==== EXERCISE MATERIALS ====
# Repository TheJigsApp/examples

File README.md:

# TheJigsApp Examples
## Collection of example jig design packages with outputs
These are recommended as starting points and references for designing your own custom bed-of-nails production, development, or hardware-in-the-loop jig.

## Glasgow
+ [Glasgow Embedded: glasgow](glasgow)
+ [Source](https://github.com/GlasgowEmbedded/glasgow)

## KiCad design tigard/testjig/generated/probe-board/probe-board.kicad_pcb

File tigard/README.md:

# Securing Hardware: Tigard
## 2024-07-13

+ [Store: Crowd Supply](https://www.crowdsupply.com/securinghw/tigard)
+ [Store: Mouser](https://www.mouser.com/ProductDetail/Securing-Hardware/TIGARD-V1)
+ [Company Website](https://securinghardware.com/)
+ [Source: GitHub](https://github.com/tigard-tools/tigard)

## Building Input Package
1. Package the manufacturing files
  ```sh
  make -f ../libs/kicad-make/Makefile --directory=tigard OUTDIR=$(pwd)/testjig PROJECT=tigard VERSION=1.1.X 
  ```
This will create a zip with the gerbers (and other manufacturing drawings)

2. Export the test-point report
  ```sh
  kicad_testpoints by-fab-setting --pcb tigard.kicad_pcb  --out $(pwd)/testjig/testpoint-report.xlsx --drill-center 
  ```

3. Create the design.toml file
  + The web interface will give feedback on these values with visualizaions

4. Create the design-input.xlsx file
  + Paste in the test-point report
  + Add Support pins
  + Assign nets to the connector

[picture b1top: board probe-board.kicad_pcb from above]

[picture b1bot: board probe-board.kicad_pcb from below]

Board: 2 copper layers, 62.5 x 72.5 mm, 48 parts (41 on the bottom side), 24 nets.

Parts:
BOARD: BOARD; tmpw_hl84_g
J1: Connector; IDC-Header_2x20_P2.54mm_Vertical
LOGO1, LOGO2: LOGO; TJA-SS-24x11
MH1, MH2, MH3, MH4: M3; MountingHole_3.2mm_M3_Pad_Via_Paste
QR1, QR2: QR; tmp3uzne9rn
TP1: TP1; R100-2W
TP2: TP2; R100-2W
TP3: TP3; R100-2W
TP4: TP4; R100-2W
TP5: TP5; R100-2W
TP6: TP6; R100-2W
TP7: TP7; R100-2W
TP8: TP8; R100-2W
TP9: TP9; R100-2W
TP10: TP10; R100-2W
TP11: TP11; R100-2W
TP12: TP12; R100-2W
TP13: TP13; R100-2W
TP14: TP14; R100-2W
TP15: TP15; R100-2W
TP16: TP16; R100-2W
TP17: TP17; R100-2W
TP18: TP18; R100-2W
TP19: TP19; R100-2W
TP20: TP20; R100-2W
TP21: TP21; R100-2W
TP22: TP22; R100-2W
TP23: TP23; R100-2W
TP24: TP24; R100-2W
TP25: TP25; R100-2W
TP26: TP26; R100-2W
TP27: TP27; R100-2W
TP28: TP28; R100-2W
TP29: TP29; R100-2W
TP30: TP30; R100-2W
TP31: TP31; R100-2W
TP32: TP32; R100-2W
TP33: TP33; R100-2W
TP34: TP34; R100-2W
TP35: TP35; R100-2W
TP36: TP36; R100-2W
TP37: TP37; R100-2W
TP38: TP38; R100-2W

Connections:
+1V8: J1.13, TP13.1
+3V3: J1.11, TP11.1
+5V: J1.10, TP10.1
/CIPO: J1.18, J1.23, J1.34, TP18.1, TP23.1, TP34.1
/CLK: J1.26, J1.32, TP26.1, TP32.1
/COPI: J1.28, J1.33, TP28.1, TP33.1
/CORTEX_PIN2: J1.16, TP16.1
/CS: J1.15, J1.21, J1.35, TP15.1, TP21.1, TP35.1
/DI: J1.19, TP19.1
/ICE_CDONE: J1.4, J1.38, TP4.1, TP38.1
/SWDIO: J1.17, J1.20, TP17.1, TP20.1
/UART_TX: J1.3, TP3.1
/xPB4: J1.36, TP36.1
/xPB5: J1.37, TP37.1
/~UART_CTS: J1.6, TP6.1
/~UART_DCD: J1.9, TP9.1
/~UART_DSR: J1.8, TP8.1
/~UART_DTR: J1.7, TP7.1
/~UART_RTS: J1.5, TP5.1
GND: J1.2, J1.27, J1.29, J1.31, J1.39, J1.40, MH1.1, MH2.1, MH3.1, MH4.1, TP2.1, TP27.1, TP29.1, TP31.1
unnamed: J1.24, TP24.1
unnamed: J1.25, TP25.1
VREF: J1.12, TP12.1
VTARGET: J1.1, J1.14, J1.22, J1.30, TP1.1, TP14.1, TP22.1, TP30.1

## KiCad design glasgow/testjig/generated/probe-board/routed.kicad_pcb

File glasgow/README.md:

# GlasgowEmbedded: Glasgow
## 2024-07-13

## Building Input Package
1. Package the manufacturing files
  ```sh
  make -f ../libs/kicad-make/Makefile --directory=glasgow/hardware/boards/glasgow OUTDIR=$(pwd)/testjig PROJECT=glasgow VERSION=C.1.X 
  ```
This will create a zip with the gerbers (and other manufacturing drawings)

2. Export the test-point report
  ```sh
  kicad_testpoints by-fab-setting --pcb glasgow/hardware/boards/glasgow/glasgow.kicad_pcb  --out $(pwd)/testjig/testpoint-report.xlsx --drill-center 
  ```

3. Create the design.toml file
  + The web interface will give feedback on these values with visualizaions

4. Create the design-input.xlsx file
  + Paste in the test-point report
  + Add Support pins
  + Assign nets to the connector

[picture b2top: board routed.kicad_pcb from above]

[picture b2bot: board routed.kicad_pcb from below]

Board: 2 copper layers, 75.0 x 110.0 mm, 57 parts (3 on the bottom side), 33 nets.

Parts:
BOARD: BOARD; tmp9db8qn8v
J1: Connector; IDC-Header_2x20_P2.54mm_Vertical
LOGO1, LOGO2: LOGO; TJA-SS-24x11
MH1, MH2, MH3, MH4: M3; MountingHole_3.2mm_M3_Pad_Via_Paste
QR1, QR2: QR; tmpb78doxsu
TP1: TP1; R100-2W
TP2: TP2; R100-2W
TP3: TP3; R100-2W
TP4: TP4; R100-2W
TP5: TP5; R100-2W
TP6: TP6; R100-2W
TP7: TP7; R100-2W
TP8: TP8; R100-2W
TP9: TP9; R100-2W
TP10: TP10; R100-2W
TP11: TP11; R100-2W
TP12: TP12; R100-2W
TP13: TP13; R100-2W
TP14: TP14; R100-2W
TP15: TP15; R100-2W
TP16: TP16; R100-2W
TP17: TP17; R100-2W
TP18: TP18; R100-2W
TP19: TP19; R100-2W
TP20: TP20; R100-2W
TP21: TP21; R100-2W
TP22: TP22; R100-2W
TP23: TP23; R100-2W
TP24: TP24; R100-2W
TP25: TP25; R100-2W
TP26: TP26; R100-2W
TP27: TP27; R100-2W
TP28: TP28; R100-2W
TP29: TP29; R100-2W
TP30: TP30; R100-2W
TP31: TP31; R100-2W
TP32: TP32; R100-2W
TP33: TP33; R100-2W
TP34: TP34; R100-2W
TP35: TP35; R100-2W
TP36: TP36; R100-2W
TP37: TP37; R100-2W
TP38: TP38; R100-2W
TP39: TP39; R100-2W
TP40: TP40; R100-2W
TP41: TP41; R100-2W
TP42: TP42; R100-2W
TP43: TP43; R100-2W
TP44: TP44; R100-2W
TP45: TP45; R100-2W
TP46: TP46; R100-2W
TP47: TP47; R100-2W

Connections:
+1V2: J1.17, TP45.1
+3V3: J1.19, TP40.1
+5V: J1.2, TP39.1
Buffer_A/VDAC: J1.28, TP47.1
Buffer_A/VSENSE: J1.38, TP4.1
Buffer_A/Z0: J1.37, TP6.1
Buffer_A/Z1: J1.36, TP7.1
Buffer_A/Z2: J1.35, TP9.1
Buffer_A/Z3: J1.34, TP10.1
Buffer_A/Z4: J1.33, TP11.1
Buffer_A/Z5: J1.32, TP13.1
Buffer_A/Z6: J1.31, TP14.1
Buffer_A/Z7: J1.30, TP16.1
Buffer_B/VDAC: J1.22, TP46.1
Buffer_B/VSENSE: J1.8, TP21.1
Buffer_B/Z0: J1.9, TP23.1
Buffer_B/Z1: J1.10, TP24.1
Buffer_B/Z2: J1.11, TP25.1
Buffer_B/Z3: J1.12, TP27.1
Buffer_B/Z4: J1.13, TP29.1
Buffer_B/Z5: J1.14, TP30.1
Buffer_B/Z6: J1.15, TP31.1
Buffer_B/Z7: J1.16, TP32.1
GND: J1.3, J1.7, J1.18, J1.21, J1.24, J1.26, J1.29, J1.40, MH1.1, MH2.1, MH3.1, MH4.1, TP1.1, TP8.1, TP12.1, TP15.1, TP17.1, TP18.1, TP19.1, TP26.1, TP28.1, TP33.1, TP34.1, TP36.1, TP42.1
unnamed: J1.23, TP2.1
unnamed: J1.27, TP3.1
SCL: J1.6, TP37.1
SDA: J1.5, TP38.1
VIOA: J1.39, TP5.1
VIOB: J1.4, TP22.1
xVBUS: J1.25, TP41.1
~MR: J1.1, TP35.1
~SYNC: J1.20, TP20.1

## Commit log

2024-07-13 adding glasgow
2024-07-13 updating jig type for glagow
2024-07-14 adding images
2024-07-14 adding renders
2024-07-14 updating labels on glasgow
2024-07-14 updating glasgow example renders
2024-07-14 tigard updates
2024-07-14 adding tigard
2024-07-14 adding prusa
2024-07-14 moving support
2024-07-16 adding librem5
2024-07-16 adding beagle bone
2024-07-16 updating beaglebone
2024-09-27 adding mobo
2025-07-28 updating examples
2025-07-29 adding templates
====
TASK REQUIREMENTS: Take every line above that includes the string "from" and return it.

TASK RESPONSE:
[picture b1top: board probe-board.kicad_pcb from above]
[picture b1bot: board probe-board.kicad_pcb from below]
[picture b2top: board routed.kicad_pcb from above]
[picture b2bot: board routed.kicad_pcb from below]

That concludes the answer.